With no definitive electronic standard in sight for securing and maintaining the confidentiality of American consumers' medical records, insurance and healthcare marketers are finding themselves on uncertain ground when transferring even the most aggregated information among third parties.

At issue is a policy battle within the industry over the status of the Health Insurance Portability and Accountability Act of 1996 and how details of the new legislation should be interpreted and implemented in both the online and offline worlds. And with insurance profits, patient healthcare costs and privacy concerns increasingly at stake, the question has pitted industry lobbyists, government leaders and consumers advocates against one another.

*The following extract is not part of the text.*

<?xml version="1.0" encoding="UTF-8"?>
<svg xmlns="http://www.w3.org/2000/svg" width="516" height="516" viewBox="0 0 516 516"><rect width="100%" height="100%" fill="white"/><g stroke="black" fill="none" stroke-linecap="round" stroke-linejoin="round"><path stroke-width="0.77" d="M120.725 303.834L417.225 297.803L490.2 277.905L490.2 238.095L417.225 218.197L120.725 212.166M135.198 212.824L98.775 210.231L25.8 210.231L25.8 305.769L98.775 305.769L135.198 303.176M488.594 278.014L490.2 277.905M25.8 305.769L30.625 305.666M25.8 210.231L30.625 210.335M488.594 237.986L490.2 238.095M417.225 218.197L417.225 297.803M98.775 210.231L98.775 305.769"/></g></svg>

Zoe Hudson, a senior policy analyst with the Health Privacy Project at Georgetown University, has characterized the situation as “a messy, complicated issue,” one he said “has a lot of tentacles.” Indeed, with new Internet technologies surfacing almost daily and the nation's overall privacy debate continuing unabated, marketers face a rapidly moving target of issues and rules but limited guidance.

Adding to the debate are at least five new bills on medical privacy pending in Congress. The government reports the Department of Health and Human Services is reviewing some 50,000 public inquiries on existing HIPAA rules slated for implementation later this year. Yet some industry leaders fear there is no firm indication that the government's review plan is going to offer the industry the clarity it's seeking.

The subject attracted several hundred participants at a panel held this week at the Internet Healthcare 2000 Conference in New York.

But Durjoy “Ace” Bhattacharyja, founder of Medicalrecords.com, New York, said ethics and common sense play a role. He sees major business opportunities for the steady-minded on the horizon.

Characterizing the service his company provides as “a lot like Quicken-brand financial software for your health information,” Bhattacharyja said Medicalrecords.com “provides a credible way of capturing and managing your personal information and, hopefully, helping you act on it to [your benefit].” However, he said the company had to spend a lot of time sorting out issues on privacy, noting it's a cultural issue as well as a technological one. “We eventually decided not to allow advertising on every section of our site. We've separated the content section from the service provider section.”

Still, Bhattacharyja acknowledges that compliance with the new regulations on privacy places tough challenges on nearly every company involved with consumers' medical records.

“HIPPA compliance is going to be the biggest issue for a lot these companies,” said Bhattacharyja. “But if you want to play in this market, you have to be [playing] by the rules on compliance. Otherwise, it's going to very expensive to backtrack.”

Marketers can visit the government's Health Care Financing Administration Web site at www.hcfa.gov to read copies of the proposed rules from the Federal Register.